- _Exercise brief_: From the line with "T_145399632__/LConn3 -- bus48/LConn1" to the final line of the records, every line is to be duplicated exactly, both of those lines included.
---------- The data ----------
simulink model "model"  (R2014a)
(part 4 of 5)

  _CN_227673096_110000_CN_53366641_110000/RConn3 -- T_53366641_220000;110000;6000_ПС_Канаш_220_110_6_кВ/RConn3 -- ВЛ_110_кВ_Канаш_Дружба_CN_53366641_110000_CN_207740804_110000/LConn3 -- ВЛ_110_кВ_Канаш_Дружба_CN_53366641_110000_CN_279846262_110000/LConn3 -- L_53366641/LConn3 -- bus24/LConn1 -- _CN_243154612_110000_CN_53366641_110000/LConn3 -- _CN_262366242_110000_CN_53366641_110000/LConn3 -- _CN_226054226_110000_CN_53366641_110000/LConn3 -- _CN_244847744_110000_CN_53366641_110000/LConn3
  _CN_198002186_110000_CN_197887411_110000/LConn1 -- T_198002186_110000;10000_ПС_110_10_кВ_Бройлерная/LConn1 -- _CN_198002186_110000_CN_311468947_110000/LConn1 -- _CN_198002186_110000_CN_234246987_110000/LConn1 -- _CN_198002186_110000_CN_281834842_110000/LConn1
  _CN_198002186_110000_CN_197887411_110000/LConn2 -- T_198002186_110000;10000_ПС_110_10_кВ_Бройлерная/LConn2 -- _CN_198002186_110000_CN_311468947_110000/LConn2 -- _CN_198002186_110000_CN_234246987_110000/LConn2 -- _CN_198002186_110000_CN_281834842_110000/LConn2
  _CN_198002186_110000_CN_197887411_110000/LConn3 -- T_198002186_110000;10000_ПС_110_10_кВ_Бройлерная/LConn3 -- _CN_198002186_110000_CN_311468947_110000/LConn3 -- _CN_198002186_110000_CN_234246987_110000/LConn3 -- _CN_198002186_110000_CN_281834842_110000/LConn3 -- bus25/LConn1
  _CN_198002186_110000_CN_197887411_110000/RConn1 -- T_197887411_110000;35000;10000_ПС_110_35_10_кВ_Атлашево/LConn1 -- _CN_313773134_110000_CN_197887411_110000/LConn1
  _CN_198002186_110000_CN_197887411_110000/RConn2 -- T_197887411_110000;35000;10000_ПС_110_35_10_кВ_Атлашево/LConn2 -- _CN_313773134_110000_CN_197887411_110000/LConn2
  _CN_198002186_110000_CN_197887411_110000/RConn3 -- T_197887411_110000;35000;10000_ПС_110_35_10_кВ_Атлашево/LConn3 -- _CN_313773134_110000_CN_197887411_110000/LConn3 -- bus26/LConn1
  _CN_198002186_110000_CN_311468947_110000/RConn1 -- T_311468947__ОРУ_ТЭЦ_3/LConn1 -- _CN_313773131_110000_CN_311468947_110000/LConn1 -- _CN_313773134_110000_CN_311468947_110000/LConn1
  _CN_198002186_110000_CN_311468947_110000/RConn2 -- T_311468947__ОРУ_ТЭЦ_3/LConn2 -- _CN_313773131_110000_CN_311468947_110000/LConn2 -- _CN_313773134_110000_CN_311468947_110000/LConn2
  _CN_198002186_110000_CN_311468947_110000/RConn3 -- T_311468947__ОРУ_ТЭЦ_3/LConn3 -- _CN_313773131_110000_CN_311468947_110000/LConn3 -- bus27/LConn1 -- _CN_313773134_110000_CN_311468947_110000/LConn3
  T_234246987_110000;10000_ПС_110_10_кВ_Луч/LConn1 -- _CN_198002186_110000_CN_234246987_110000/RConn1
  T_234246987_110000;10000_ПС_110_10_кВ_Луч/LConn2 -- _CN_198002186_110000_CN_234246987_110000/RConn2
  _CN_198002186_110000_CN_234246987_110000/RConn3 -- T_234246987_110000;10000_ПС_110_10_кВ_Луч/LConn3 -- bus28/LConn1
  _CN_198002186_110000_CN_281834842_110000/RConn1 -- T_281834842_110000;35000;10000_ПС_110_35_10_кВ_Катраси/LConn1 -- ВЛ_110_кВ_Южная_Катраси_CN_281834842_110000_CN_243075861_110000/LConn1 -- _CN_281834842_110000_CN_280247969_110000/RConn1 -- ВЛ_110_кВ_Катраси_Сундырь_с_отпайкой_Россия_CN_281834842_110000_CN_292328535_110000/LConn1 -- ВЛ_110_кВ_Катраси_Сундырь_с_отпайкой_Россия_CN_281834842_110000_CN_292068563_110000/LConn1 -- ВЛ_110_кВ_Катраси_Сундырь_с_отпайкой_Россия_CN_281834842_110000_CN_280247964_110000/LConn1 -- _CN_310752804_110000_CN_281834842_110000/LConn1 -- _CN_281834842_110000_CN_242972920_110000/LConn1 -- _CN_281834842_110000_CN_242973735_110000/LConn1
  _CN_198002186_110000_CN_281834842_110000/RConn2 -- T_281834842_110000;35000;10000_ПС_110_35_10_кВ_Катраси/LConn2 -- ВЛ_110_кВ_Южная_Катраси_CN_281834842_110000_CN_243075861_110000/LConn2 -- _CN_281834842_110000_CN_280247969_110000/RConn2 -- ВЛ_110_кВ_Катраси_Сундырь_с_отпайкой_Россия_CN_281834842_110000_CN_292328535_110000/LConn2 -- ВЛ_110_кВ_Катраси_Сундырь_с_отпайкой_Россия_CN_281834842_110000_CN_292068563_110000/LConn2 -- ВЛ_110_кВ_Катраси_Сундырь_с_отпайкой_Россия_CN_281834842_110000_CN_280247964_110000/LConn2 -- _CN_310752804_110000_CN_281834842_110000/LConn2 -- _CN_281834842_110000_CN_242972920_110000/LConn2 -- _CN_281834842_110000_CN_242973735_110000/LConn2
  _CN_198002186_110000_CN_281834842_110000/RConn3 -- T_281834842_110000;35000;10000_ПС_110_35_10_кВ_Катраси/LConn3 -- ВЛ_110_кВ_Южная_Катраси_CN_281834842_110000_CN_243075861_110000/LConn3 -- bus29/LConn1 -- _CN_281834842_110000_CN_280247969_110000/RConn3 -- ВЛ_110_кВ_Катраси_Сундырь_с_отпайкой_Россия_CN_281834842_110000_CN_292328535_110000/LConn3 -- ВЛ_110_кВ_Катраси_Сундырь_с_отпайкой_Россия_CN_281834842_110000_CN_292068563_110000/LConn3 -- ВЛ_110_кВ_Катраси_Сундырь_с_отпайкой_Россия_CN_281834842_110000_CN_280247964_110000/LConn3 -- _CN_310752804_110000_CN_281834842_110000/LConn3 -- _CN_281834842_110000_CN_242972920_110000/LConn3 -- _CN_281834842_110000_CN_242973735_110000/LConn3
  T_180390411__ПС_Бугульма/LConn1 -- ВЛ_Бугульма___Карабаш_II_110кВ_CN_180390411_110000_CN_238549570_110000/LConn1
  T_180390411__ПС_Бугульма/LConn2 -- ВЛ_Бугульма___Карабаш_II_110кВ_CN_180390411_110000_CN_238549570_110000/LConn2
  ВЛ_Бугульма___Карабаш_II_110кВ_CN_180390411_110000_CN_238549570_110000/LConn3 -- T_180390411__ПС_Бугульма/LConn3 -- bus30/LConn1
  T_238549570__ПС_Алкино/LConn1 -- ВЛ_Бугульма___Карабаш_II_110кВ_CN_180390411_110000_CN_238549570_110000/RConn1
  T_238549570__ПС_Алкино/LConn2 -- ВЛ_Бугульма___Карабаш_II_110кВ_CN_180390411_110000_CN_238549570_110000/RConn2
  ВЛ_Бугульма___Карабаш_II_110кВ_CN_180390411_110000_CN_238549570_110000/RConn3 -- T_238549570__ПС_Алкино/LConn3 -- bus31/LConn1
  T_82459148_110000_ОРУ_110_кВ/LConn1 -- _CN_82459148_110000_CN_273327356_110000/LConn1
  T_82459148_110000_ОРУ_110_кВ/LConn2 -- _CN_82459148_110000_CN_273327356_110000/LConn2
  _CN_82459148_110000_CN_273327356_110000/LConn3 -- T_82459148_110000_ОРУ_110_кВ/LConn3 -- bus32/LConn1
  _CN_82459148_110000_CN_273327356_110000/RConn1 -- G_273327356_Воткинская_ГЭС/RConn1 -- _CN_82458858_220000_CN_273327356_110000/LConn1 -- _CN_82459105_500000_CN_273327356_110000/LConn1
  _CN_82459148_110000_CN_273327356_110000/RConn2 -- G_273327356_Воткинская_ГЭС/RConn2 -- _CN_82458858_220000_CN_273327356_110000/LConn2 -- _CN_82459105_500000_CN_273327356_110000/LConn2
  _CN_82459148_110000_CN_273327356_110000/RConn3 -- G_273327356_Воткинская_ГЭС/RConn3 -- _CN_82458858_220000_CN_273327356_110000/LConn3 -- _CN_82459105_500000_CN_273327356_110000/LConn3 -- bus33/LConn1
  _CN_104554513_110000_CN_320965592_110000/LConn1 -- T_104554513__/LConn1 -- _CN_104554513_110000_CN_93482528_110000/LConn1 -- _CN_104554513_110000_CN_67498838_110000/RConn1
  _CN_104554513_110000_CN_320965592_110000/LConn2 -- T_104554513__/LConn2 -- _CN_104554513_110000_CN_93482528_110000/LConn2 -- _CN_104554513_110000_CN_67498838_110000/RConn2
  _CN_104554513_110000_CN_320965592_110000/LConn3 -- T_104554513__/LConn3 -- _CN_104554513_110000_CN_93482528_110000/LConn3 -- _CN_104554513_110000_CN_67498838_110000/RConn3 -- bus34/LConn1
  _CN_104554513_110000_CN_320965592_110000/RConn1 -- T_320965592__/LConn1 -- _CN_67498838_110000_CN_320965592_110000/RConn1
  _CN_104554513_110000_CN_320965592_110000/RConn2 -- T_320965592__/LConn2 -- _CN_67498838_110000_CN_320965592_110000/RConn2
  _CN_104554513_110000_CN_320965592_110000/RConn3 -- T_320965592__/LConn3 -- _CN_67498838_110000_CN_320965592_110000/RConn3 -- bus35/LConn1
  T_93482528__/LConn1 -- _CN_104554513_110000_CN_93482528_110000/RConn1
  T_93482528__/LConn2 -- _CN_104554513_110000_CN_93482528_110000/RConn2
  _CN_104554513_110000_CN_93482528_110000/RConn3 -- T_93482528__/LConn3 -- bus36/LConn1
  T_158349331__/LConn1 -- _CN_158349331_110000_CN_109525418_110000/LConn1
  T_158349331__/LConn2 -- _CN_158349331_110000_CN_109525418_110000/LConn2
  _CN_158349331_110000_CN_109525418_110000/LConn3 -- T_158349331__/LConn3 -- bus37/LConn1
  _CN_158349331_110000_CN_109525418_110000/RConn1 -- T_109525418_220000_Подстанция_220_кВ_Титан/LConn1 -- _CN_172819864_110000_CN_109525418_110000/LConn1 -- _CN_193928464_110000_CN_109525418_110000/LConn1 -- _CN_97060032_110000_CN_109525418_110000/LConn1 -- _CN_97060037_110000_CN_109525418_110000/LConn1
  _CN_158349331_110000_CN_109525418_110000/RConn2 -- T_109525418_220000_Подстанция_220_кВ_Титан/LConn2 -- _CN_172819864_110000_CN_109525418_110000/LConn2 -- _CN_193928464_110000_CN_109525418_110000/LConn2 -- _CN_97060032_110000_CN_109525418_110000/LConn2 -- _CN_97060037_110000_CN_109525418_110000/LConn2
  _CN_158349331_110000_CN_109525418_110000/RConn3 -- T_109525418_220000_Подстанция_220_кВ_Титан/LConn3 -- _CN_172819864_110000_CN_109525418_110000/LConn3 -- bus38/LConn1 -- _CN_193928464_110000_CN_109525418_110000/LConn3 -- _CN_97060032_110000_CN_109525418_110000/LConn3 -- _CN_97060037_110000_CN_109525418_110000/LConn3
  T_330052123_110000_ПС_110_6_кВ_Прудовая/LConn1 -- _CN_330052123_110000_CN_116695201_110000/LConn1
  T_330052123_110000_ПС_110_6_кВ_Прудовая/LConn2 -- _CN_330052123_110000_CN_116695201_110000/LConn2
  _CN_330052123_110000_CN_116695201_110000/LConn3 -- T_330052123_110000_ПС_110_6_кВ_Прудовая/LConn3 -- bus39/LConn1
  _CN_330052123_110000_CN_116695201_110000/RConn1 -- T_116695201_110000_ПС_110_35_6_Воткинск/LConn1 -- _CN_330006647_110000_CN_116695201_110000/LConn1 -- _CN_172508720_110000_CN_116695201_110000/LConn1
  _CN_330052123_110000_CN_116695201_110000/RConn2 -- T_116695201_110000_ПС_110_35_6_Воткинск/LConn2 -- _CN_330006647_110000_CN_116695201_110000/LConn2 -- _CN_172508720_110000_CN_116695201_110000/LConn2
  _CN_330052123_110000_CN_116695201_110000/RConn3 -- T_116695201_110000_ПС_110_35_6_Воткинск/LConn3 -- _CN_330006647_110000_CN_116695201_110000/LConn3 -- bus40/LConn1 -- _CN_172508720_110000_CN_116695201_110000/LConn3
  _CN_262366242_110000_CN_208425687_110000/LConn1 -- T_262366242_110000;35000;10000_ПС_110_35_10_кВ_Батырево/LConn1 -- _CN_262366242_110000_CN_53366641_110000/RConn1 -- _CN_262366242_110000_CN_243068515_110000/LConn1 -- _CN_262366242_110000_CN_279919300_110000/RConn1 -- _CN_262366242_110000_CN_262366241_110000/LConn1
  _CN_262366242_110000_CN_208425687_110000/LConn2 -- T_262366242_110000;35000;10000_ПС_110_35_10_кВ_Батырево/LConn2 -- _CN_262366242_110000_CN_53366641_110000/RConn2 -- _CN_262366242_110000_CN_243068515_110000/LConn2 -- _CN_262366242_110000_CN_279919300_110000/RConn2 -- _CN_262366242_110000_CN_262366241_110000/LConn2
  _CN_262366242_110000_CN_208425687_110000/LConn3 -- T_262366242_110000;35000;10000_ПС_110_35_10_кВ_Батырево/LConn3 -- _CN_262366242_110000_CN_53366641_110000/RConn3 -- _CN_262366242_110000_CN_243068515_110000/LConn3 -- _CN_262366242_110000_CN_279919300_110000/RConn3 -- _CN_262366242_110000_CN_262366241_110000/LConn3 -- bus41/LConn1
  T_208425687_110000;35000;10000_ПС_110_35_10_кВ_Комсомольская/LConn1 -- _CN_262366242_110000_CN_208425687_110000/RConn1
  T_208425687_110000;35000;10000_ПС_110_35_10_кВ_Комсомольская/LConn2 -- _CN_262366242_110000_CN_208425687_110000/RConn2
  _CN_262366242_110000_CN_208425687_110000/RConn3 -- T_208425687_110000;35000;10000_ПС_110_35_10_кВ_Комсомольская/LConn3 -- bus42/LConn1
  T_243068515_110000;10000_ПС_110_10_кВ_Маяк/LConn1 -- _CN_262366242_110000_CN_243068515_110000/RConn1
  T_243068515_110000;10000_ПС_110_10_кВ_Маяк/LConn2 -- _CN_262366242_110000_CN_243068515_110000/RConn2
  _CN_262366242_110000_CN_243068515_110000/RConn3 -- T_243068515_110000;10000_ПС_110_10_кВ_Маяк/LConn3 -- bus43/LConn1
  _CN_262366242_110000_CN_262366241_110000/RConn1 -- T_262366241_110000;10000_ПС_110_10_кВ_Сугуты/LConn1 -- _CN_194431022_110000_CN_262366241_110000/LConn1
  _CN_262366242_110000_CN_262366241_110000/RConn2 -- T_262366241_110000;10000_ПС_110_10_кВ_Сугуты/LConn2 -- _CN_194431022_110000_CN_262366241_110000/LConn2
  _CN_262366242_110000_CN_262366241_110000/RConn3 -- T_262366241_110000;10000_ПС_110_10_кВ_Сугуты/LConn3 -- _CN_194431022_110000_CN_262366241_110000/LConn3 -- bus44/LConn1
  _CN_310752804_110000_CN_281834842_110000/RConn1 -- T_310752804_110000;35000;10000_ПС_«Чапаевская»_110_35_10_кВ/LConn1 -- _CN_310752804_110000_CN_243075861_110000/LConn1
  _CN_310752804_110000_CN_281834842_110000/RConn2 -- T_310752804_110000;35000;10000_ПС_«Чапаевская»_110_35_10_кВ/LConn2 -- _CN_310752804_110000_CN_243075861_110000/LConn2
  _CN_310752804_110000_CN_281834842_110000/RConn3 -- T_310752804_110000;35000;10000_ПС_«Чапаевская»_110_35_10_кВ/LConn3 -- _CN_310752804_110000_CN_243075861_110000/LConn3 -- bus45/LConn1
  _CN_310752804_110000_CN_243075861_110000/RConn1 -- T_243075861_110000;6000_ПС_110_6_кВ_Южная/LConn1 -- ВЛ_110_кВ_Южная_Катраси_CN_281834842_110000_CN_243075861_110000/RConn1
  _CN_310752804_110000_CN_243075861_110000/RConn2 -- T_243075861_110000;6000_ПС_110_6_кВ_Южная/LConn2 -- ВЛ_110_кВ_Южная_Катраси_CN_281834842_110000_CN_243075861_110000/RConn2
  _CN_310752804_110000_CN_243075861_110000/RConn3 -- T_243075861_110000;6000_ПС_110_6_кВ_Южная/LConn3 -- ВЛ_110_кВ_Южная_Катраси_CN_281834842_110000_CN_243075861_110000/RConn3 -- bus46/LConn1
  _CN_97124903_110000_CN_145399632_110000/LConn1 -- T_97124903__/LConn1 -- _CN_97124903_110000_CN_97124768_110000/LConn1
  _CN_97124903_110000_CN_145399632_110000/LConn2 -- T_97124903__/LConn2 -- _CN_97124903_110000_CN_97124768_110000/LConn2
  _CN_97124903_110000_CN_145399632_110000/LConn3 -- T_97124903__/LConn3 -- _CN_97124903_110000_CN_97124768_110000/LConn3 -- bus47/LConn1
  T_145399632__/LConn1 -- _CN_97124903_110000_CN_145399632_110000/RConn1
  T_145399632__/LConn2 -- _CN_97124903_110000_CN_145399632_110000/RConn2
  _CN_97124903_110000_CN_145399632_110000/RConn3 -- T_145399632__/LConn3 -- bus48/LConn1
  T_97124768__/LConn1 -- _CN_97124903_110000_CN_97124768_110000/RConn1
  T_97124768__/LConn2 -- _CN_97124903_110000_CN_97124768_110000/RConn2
----------
- _Task response_:
  _CN_97124903_110000_CN_145399632_110000/RConn3 -- T_145399632__/LConn3 -- bus48/LConn1
  T_97124768__/LConn1 -- _CN_97124903_110000_CN_97124768_110000/RConn1
  T_97124768__/LConn2 -- _CN_97124903_110000_CN_97124768_110000/RConn2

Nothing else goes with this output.